Reflections on Model Choice and Limitations

The GAMs fitted here appear to slightly underfit in periods of high seasonal variation, where confidence intervals widen and the model struggles to follow rapid transitions. This is a deliberate trade-off: the smoothing penalty prevents overfitting to noise while accepting some bias in high-variability periods. If overfitting were a concern, reducing the number of knots k or increasing the smoothing penalty would constrain the curve further.

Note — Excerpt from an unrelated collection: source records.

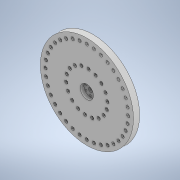
# Autodesk Inventor part: front_plate
Saved by Autodesk Inventor 2020.3 (Build 243373000, 373)
## iProperties
Created: 2020-11-01
Part Number: front_plate
Material: Generic
Document SubType Name: Modeling
Designer: Martijn
Density: 1 g/cm^3
Appearance: Default
Author: Martijn
Autodesk Inventor part; units mm, degrees
ref_plane "YZ Plane" through (0, 0, 0) normal (1, 0, 0) x (0, 1, 0)
ref_plane "XZ Plane" through (0, 0, 0) normal (0, 1, 0) x (-1, 0, 0)
ref_plane "XY Plane" through (0, 0, 0) normal (0, 0, 1) x (1, 0, 0)
sketch "Sketch1" plane through (0, 0, 0) normal (0, 0, 1) x (1, 0, 0)
  circle A0 centre (0, 0) radius 90
  dimension "d2" = 180
  constraints: 1 centre point, 1 coincident
  measures "d2" diameter of A0
extrude "Extrusion1" add sketch "Sketch1" along normal blind 5
sketch "Sketch2" plane through (0, 0, 5) normal (0, 0, 1) x (1, 0, 0)
  circle A0 centre (0, 0) radius 90
  circle A1 centre (0, 0) radius 90 projected
  circle A2 centre (0, 0) radius 12.8
  dimension "d3" = 25.6
  constraints: 2 centre point, 2 coincident, 1 concentric
  measures "d3" diameter of A2
extrude "Extrusion2" add sketch "Sketch2" along normal blind 7
sketch "Sketch4" plane through (0, 0, 5) normal (0, 0, 1) x (1, 0, 0)
  circle A0 centre (0, 0) radius 4
  dimension "d13" = 8
  constraints: 1 centre point, 1 coincident
  measures "d13" diameter of A0
extrude "Extrusion4" cut sketch "Sketch4" against normal blind 7
sketch "Sketch3" plane through (0, 0, 5) normal (0, 0, 1) x (1, 0, 0)
  circle A0 centre (0, 9.525) radius 1.6
  line L0 (0, -126) -> (0, 126) projected
  point P0 (0, 0)
  dimension "d6" = 3.2
  dimension "d7" = 9.525
  constraints: 1 centre point, 1 point on line
  measures "d6" diameter of A0
  measures "d7" distance of point (0, 0) A0.centre
extrude "Extrusion3" cut sketch "Sketch3" against normal blind 10
pattern_circular "Circular Pattern2" count 6 over 360 about axis through (0, 0, 5) along (0, 0, 1) of "Extrusion3"
sketch "Sketch7" plane through (0, 0, 12) normal (0, 0, 1) x (1, 0, 0)
  circle A0 centre (0, 80) radius 1.6
  circle A1 centre (13.8919, 78.7846) radius 1.6
  line L0 (13.8919, 78.7846) -> (0, 0)
  line L1 (0, 80) -> (0, 0)
  circle A2 centre (3.4862, 39.8478) radius 1.6
  line L2 (3.4862, 39.8478) -> (0, 0)
  dimension "d22" = 3.2
  dimension "d23" = 80
  dimension "d24" = 80
  dimension "d25" = 10
  dimension "d26" = 40
  dimension "d27" = 5
  dimension "d28" = 3.2
  dimension "d29" = 3.2
  constraints: 6 end point, 3 centre point, 1 vertical
  measures "d22" diameter of A0
  measures "d23" distance of L0.end L1.start
  measures "d24" distance of L0.start L0.end
  measures "d25" angle of L1 L0
  measures "d26" distance of L2.start L0.end
  measures "d27" angle of L0 L2
  measures "d28" diameter of A2
  measures "d29" diameter of A1
extrude "Extrusion6" cut sketch "Sketch7" against normal through all
sketch "Sketch8" plane through (0, 0, 12) normal (0, 0, 1) x (1, 0, 0)
  line L0 (-1.6454, 82.85) -> (1.6454, 82.85)
  line L1 (1.6454, 82.85) -> (3.2909, 80)
  line L2 (3.2909, 80) -> (1.6454, 77.15)
  line L3 (1.6454, 77.15) -> (-1.6454, 77.15)
  line L4 (-1.6454, 77.15) -> (-3.2909, 80)
  line L5 (-3.2909, 80) -> (-1.6454, 82.85)
  line L6 (-1.6454, 82.85) -> (1.6454, 77.15)
  line L7 (12.7663, 81.8771) -> (16.0072, 81.3056)
  line L8 (16.0072, 81.3056) -> (17.1328, 78.2132)
  line L9 (17.1328, 78.2132) -> (15.0174, 75.6922)
  line L10 (15.0174, 75.6922) -> (11.7765, 76.2636)
  line L11 (11.7765, 76.2636) -> (10.651, 79.3561)
  line L12 (10.651, 79.3561) -> (12.7663, 81.8771)
  line L13 (12.7663, 81.8771) -> (15.0174, 75.6922)
  circle A0 centre (13.8919, 78.7846) radius 1.6
  circle A1 centre (13.8919, 78.7846) radius 1.6 projected
  line L14 (2.0954, 42.8304) -> (5.3738, 42.5435)
  line L15 (5.3738, 42.5435) -> (6.7646, 39.561)
  line L16 (6.7646, 39.561) -> (4.877, 36.8652)
  line L17 (4.877, 36.8652) -> (1.5986, 37.152)
  line L18 (1.5986, 37.152) -> (0.2079, 40.1346)
  line L19 (0.2079, 40.1346) -> (2.0954, 42.8304)
  line L20 (2.0954, 42.8304) -> (4.877, 36.8652)
  circle A2 centre (3.4862, 39.8478) radius 1.6 projected
  circle A3 centre (3.4862, 39.8478) radius 1.6
  circle A4 centre (3.4862, 39.8478) radius 1.6 projected
  circle A5 centre (0, 80) radius 1.6
  circle A6 centre (0, 80) radius 1.6 projected
  point P0 (0, 0)
  dimension "d33" = 5.7
  dimension "d34" = 120
  dimension "d35" = 120
  dimension "d36" = 120
  dimension "d37" = 120
  dimension "d38" = 5.7
  dimension "d39" = 170
  dimension "d40" = 120
  dimension "d41" = 120
  dimension "d42" = 5.7
  dimension "d43" = 5
  constraints: 42 end point, 12 equal length, 6 concentric, 6 parallel, 5 coincident, 3 centre point, 3 midpoint, 1 horizontal
  measures "d33" distance between parallel lines of L3 L0
  measures "d34" angle of L3 L4
  measures "d35" angle of L4 L5
  measures "d36" angle of L12 L7
  measures "d37" angle of L11 L12
  measures "d38" distance between parallel lines of L10 L7
  measures "d39" angle of L10 L3
  measures "d40" angle of L18 L19
  measures "d41" angle of L19 L14
  measures "d42" distance between parallel lines of L17 L14
  measures "d43" angle of L3 L17
extrude "Extrusion7" cut sketch "Sketch8" against normal blind 7 contours L6 A5 L3 L4 L5 | L0 L1 L2 L6 A5 | A5 L6 | L6 A5 | L13 A0 L10 L11 L12 | L7 L8 L9 L13 A0 | L20 A2 L17 L18 L19 | L14 L15 L16 L20 A2
pattern_circular "Circular Pattern3" count 18 over 360 about axis through (0, 0, 0) along (0, 0, 1) of "Extrusion7", "Extrusion6"
body "Solid1"

One important limitation of these models is that they are entirely aspatial. They describe temporal dynamics at a single stand without accounting for spatial autocorrelation among neighboring stands. In a landscape where adjacent Eucalyptus plots share similar soil conditions, microclimates, and management histories, ignoring spatial structure may underestimate uncertainty and overstate the generalizability of the fitted trends. Two natural extensions would be spatial lag or error models, which explicitly incorporate a spatial weights matrix, or Geographically Weighted Regression, which allows model coefficients to vary across the landscape. Both approaches have been applied to satellite-derived spectral indices in forestry contexts and would be straightforward extensions of this framework.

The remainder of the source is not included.